* [ACTIVITY] Begin with the line where "#234=DIRECTION('',(0.,-1.,0.));" appears. Set down that line and the rest of the records below it exactly as given.
*** INFORMATION ***
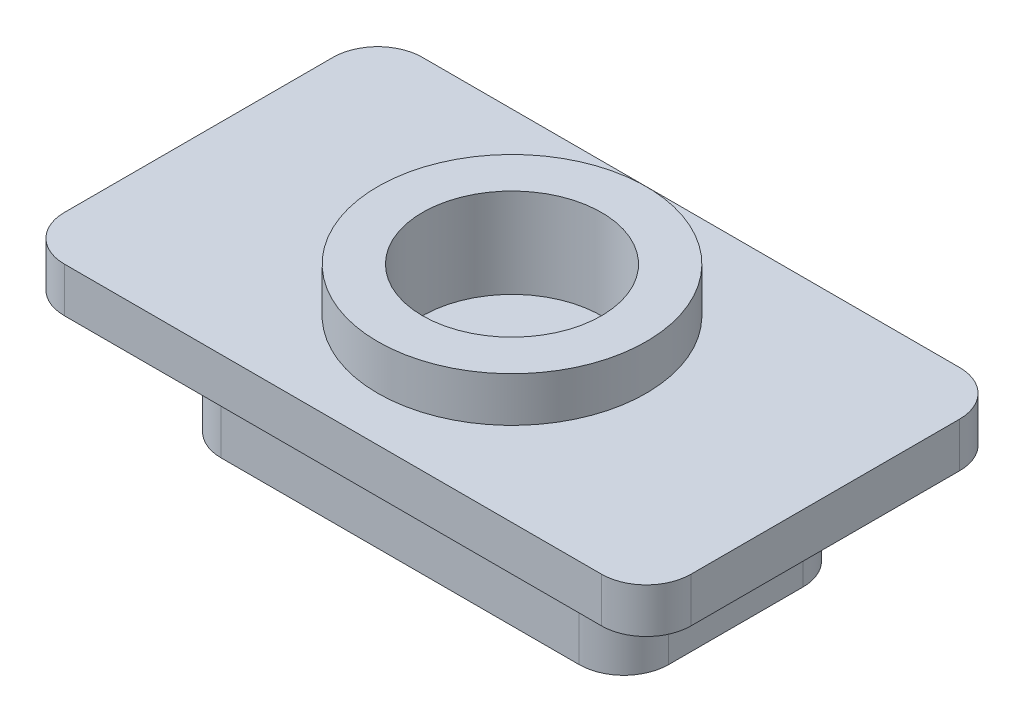
ISO-10303-21;
HEADER;
FILE_DESCRIPTION(('STEP AP214'),'2;1');
FILE_NAME('part.step','',(''),(''),'','','');
FILE_SCHEMA(('AUTOMOTIVE_DESIGN { 1 0 10303 214 1 1 1 1 }'));
ENDSEC;
DATA;
#1=APPLICATION_CONTEXT('core data for automotive mechanical design processes');
#2=APPLICATION_PROTOCOL_DEFINITION('international standard','automotive_design',2000,#1);
#3=PRODUCT_CONTEXT('',#1,'mechanical');
#4=PRODUCT('Part','Part','',(#3));
#5=PRODUCT_RELATED_PRODUCT_CATEGORY('part','',(#4));
#6=PRODUCT_DEFINITION_FORMATION('','',#4);
#7=PRODUCT_DEFINITION_CONTEXT('part definition',#1,'design');
#8=PRODUCT_DEFINITION('design','',#6,#7);
#9=PRODUCT_DEFINITION_SHAPE('','',#8);
#10=(LENGTH_UNIT() NAMED_UNIT(*) SI_UNIT(.MILLI.,.METRE.));
#11=(NAMED_UNIT(*) PLANE_ANGLE_UNIT() SI_UNIT($,.RADIAN.));
#12=(NAMED_UNIT(*) SI_UNIT($,.STERADIAN.) SOLID_ANGLE_UNIT());
#13=UNCERTAINTY_MEASURE_WITH_UNIT(LENGTH_MEASURE(1.E-05),#10,'distance_accuracy_value','');
#14=(GEOMETRIC_REPRESENTATION_CONTEXT(3) GLOBAL_UNCERTAINTY_ASSIGNED_CONTEXT((#13)) GLOBAL_UNIT_ASSIGNED_CONTEXT((#10,
#11,#12)) REPRESENTATION_CONTEXT('',''));
#15=CARTESIAN_POINT('',(0.,0.,0.));
#16=DIRECTION('',(0.,0.,1.));
#17=DIRECTION('',(1.,0.,0.));
#18=AXIS2_PLACEMENT_3D('',#15,#16,#17);
#19=CARTESIAN_POINT('',(3.99999999999999,2.5,1.5));
#20=DIRECTION('',(0.,-1.,0.));
#21=DIRECTION('',(0.,0.,-1.));
#22=AXIS2_PLACEMENT_3D('',#19,#20,#21);
#23=CYLINDRICAL_SURFACE('',#22,1.);
#24=CARTESIAN_POINT('',(3.99999999999999,0.,1.5));
#25=DIRECTION('',(0.,1.,0.));
#26=DIRECTION('',(0.,0.,1.));
#27=AXIS2_PLACEMENT_3D('',#24,#25,#26);
#28=CIRCLE('',#27,1.);
#29=CARTESIAN_POINT('',(3.99999999999999,0.,2.5));
#30=VERTEX_POINT('',#29);
#31=CARTESIAN_POINT('',(4.99999999999999,0.,1.5));
#32=VERTEX_POINT('',#31);
#33=EDGE_CURVE('E157',#30,#32,#28,.T.);
#34=ORIENTED_EDGE('',*,*,#33,.T.);
#35=DIRECTION('',(0.,-1.,0.));
#36=VECTOR('',#35,1.);
#37=CARTESIAN_POINT('',(4.99999999999999,2.5,1.5));
#38=LINE('',#37,#36);
#39=CARTESIAN_POINT('',(4.99999999999999,2.5,1.5));
#40=VERTEX_POINT('',#39);
#41=EDGE_CURVE('E42',#40,#32,#38,.T.);
#42=ORIENTED_EDGE('',*,*,#41,.F.);
#43=CARTESIAN_POINT('',(3.99999999999999,2.5,1.5));
#44=DIRECTION('',(0.,1.,0.));
#45=DIRECTION('',(0.,0.,1.));
#46=AXIS2_PLACEMENT_3D('',#43,#44,#45);
#47=CIRCLE('',#46,1.);
#48=CARTESIAN_POINT('',(3.99999999999999,2.5,2.5));
#49=VERTEX_POINT('',#48);
#50=EDGE_CURVE('E180',#49,#40,#47,.T.);
#51=ORIENTED_EDGE('',*,*,#50,.F.);
#52=DIRECTION('',(0.,-1.,0.));
#53=VECTOR('',#52,1.);
#54=CARTESIAN_POINT('',(3.99999999999999,2.5,2.5));
#55=LINE('',#54,#53);
#56=EDGE_CURVE('E156',#49,#30,#55,.T.);
#57=ORIENTED_EDGE('',*,*,#56,.T.);
#58=EDGE_LOOP('',(#34,#42,#51,#57));
#59=FACE_BOUND('',#58,.T.);
#60=ADVANCED_FACE('F39',(#59),#23,.T.);
#61=CARTESIAN_POINT('',(4.99999999999999,2.5,1.5));
#62=DIRECTION('',(-1.,0.,0.));
#63=DIRECTION('',(0.,0.,1.));
#64=AXIS2_PLACEMENT_3D('',#61,#62,#63);
#65=PLANE('',#64);
#66=DIRECTION('',(0.,0.,-1.));
#67=VECTOR('',#66,1.);
#68=CARTESIAN_POINT('',(4.99999999999999,0.,1.5));
#69=LINE('',#68,#67);
#70=CARTESIAN_POINT('',(5.,0.,-1.5));
#71=VERTEX_POINT('',#70);
#72=EDGE_CURVE('E161',#32,#71,#69,.T.);
#73=ORIENTED_EDGE('',*,*,#72,.T.);
#74=DIRECTION('',(0.,-1.,0.));
#75=VECTOR('',#74,1.);
#76=CARTESIAN_POINT('',(5.,2.5,-1.5));
#77=LINE('',#76,#75);
#78=CARTESIAN_POINT('',(5.,2.5,-1.5));
#79=VERTEX_POINT('',#78);
#80=EDGE_CURVE('E192',#79,#71,#77,.T.);
#81=ORIENTED_EDGE('',*,*,#80,.F.);
#82=DIRECTION('',(0.,0.,-1.));
#83=VECTOR('',#82,1.);
#84=CARTESIAN_POINT('',(4.99999999999999,2.5,1.5));
#85=LINE('',#84,#83);
#86=EDGE_CURVE('E100',#40,#79,#85,.T.);
#87=ORIENTED_EDGE('',*,*,#86,.F.);
#88=ORIENTED_EDGE('',*,*,#41,.T.);
#89=EDGE_LOOP('',(#73,#81,#87,#88));
#90=FACE_BOUND('',#89,.T.);
#91=ADVANCED_FACE('F199',(#90),#65,.F.);
#92=CARTESIAN_POINT('',(4.,2.5,-1.5));
#93=DIRECTION('',(0.,-1.,0.));
#94=DIRECTION('',(0.,0.,-1.));
#95=AXIS2_PLACEMENT_3D('',#92,#93,#94);
#96=CYLINDRICAL_SURFACE('',#95,1.);
#97=CARTESIAN_POINT('',(4.,0.,-1.5));
#98=DIRECTION('',(0.,1.,0.));
#99=DIRECTION('',(0.,0.,-1.));
#100=AXIS2_PLACEMENT_3D('',#97,#98,#99);
#101=CIRCLE('',#100,1.);
#102=CARTESIAN_POINT('',(4.,0.,-2.5));
#103=VERTEX_POINT('',#102);
#104=EDGE_CURVE('E165',#71,#103,#101,.T.);
#105=ORIENTED_EDGE('',*,*,#104,.T.);
#106=DIRECTION('',(0.,-1.,0.));
#107=VECTOR('',#106,1.);
#108=CARTESIAN_POINT('',(4.,2.5,-2.5));
#109=LINE('',#108,#107);
#110=CARTESIAN_POINT('',(4.,2.5,-2.5));
#111=VERTEX_POINT('',#110);
#112=EDGE_CURVE('E189',#111,#103,#109,.T.);
#113=ORIENTED_EDGE('',*,*,#112,.F.);
#114=CARTESIAN_POINT('',(4.,2.5,-1.5));
#115=DIRECTION('',(0.,1.,0.));
#116=DIRECTION('',(0.,0.,-1.));
#117=AXIS2_PLACEMENT_3D('',#114,#115,#116);
#118=CIRCLE('',#117,1.);
#119=EDGE_CURVE('E147',#79,#111,#118,.T.);
#120=ORIENTED_EDGE('',*,*,#119,.F.);
#121=ORIENTED_EDGE('',*,*,#80,.T.);
#122=EDGE_LOOP('',(#105,#113,#120,#121));
#123=FACE_BOUND('',#122,.T.);
#124=ADVANCED_FACE('F207',(#123),#96,.T.);
#125=CARTESIAN_POINT('',(-4.,2.5,-2.5));
#126=DIRECTION('',(0.,0.,1.));
#127=DIRECTION('',(1.,0.,0.));
#128=AXIS2_PLACEMENT_3D('',#125,#126,#127);
#129=PLANE('',#128);
#130=DIRECTION('',(-1.,0.,0.));
#131=VECTOR('',#130,1.);
#132=CARTESIAN_POINT('',(-4.,0.,-2.5));
#133=LINE('',#132,#131);
#134=CARTESIAN_POINT('',(-4.,0.,-2.5));
#135=VERTEX_POINT('',#134);
#136=EDGE_CURVE('E168',#103,#135,#133,.T.);
#137=ORIENTED_EDGE('',*,*,#136,.T.);
#138=DIRECTION('',(0.,-1.,0.));
#139=VECTOR('',#138,1.);
#140=CARTESIAN_POINT('',(-4.,2.5,-2.5));
#141=LINE('',#140,#139);
#142=CARTESIAN_POINT('',(-4.,2.5,-2.5));
#143=VERTEX_POINT('',#142);
#144=EDGE_CURVE('E127',#143,#135,#141,.T.);
#145=ORIENTED_EDGE('',*,*,#144,.F.);
#146=DIRECTION('',(-1.,0.,0.));
#147=VECTOR('',#146,1.);
#148=CARTESIAN_POINT('',(-4.,2.5,-2.5));
#149=LINE('',#148,#147);
#150=EDGE_CURVE('E143',#111,#143,#149,.T.);
#151=ORIENTED_EDGE('',*,*,#150,.F.);
#152=ORIENTED_EDGE('',*,*,#112,.T.);
#153=EDGE_LOOP('',(#137,#145,#151,#152));
#154=FACE_BOUND('',#153,.T.);
#155=ADVANCED_FACE('F209',(#154),#129,.F.);
#156=CARTESIAN_POINT('',(-4.,2.5,-1.5));
#157=DIRECTION('',(0.,-1.,0.));
#158=DIRECTION('',(0.,0.,-1.));
#159=AXIS2_PLACEMENT_3D('',#156,#157,#158);
#160=CYLINDRICAL_SURFACE('',#159,1.);
#161=CARTESIAN_POINT('',(-4.,0.,-1.5));
#162=DIRECTION('',(0.,1.,0.));
#163=DIRECTION('',(0.,0.,-1.));
#164=AXIS2_PLACEMENT_3D('',#161,#162,#163);
#165=CIRCLE('',#164,1.);
#166=CARTESIAN_POINT('',(-5.,0.,-1.5));
#167=VERTEX_POINT('',#166);
#168=EDGE_CURVE('E123',#135,#167,#165,.T.);
#169=ORIENTED_EDGE('',*,*,#168,.T.);
#170=DIRECTION('',(0.,-1.,0.));
#171=VECTOR('',#170,1.);
#172=CARTESIAN_POINT('',(-5.,2.5,-1.5));
#173=LINE('',#172,#171);
#174=CARTESIAN_POINT('',(-5.,2.5,-1.5));
#175=VERTEX_POINT('',#174);
#176=EDGE_CURVE('E115',#175,#167,#173,.T.);
#177=ORIENTED_EDGE('',*,*,#176,.F.);
#178=CARTESIAN_POINT('',(-4.,2.5,-1.5));
#179=DIRECTION('',(0.,1.,0.));
#180=DIRECTION('',(0.,0.,-1.));
#181=AXIS2_PLACEMENT_3D('',#178,#179,#180);
#182=CIRCLE('',#181,1.);
#183=EDGE_CURVE('E120',#143,#175,#182,.T.);
#184=ORIENTED_EDGE('',*,*,#183,.F.);
#185=ORIENTED_EDGE('',*,*,#144,.T.);
#186=EDGE_LOOP('',(#169,#177,#184,#185));
#187=FACE_BOUND('',#186,.T.);
#188=ADVANCED_FACE('F117',(#187),#160,.T.);
#189=CARTESIAN_POINT('',(-5.00000000000001,2.5,1.5));
#190=DIRECTION('',(1.,0.,0.));
#191=DIRECTION('',(0.,0.,-1.));
#192=AXIS2_PLACEMENT_3D('',#189,#190,#191);
#193=PLANE('',#192);
#194=DIRECTION('',(0.,0.,1.));
#195=VECTOR('',#194,1.);
#196=CARTESIAN_POINT('',(-5.00000000000001,0.,1.5));
#197=LINE('',#196,#195);
#198=CARTESIAN_POINT('',(-5.,0.,1.5));
#199=VERTEX_POINT('',#198);
#200=EDGE_CURVE('E173',#167,#199,#197,.T.);
#201=ORIENTED_EDGE('',*,*,#200,.T.);
#202=DIRECTION('',(0.,-1.,0.));
#203=VECTOR('',#202,1.);
#204=CARTESIAN_POINT('',(-5.,2.5,1.5));
#205=LINE('',#204,#203);
#206=CARTESIAN_POINT('',(-5.,2.5,1.5));
#207=VERTEX_POINT('',#206);
#208=EDGE_CURVE('E128',#207,#199,#205,.T.);
#209=ORIENTED_EDGE('',*,*,#208,.F.);
#210=DIRECTION('',(0.,0.,1.));
#211=VECTOR('',#210,1.);
#212=CARTESIAN_POINT('',(-5.00000000000001,2.5,1.5));
#213=LINE('',#212,#211);
#214=EDGE_CURVE('E131',#175,#207,#213,.T.);
#215=ORIENTED_EDGE('',*,*,#214,.F.);
#216=ORIENTED_EDGE('',*,*,#176,.T.);
#217=EDGE_LOOP('',(#201,#209,#215,#216));
#218=FACE_BOUND('',#217,.T.);
#219=ADVANCED_FACE('F132',(#218),#193,.F.);
#220=CARTESIAN_POINT('',(-4.,2.5,1.5));
#221=DIRECTION('',(0.,-1.,0.));
#222=DIRECTION('',(0.,0.,-1.));
#223=AXIS2_PLACEMENT_3D('',#220,#221,#222);
#224=CYLINDRICAL_SURFACE('',#223,1.);
#225=CARTESIAN_POINT('',(-4.,0.,1.5));
#226=DIRECTION('',(0.,1.,0.));
#227=DIRECTION('',(0.,0.,-1.));
#228=AXIS2_PLACEMENT_3D('',#225,#226,#227);
#229=CIRCLE('',#228,1.);
#230=CARTESIAN_POINT('',(-4.,0.,2.5));
#231=VERTEX_POINT('',#230);
#232=EDGE_CURVE('E85',#199,#231,#229,.T.);
#233=ORIENTED_EDGE('',*,*,#232,.T.);
#234=DIRECTION('',(0.,-1.,0.));
#235=VECTOR('',#234,1.);
#236=CARTESIAN_POINT('',(-4.,2.5,2.5));
#237=LINE('',#236,#235);
#238=CARTESIAN_POINT('',(-4.,2.5,2.5));
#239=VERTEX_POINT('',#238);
***
* [ANSWER TO THE EXERCISE]
#234=DIRECTION('',(0.,-1.,0.));
#235=VECTOR('',#234,1.);
#236=CARTESIAN_POINT('',(-4.,2.5,2.5));
#237=LINE('',#236,#235);
#238=CARTESIAN_POINT('',(-4.,2.5,2.5));
#239=VERTEX_POINT('',#238);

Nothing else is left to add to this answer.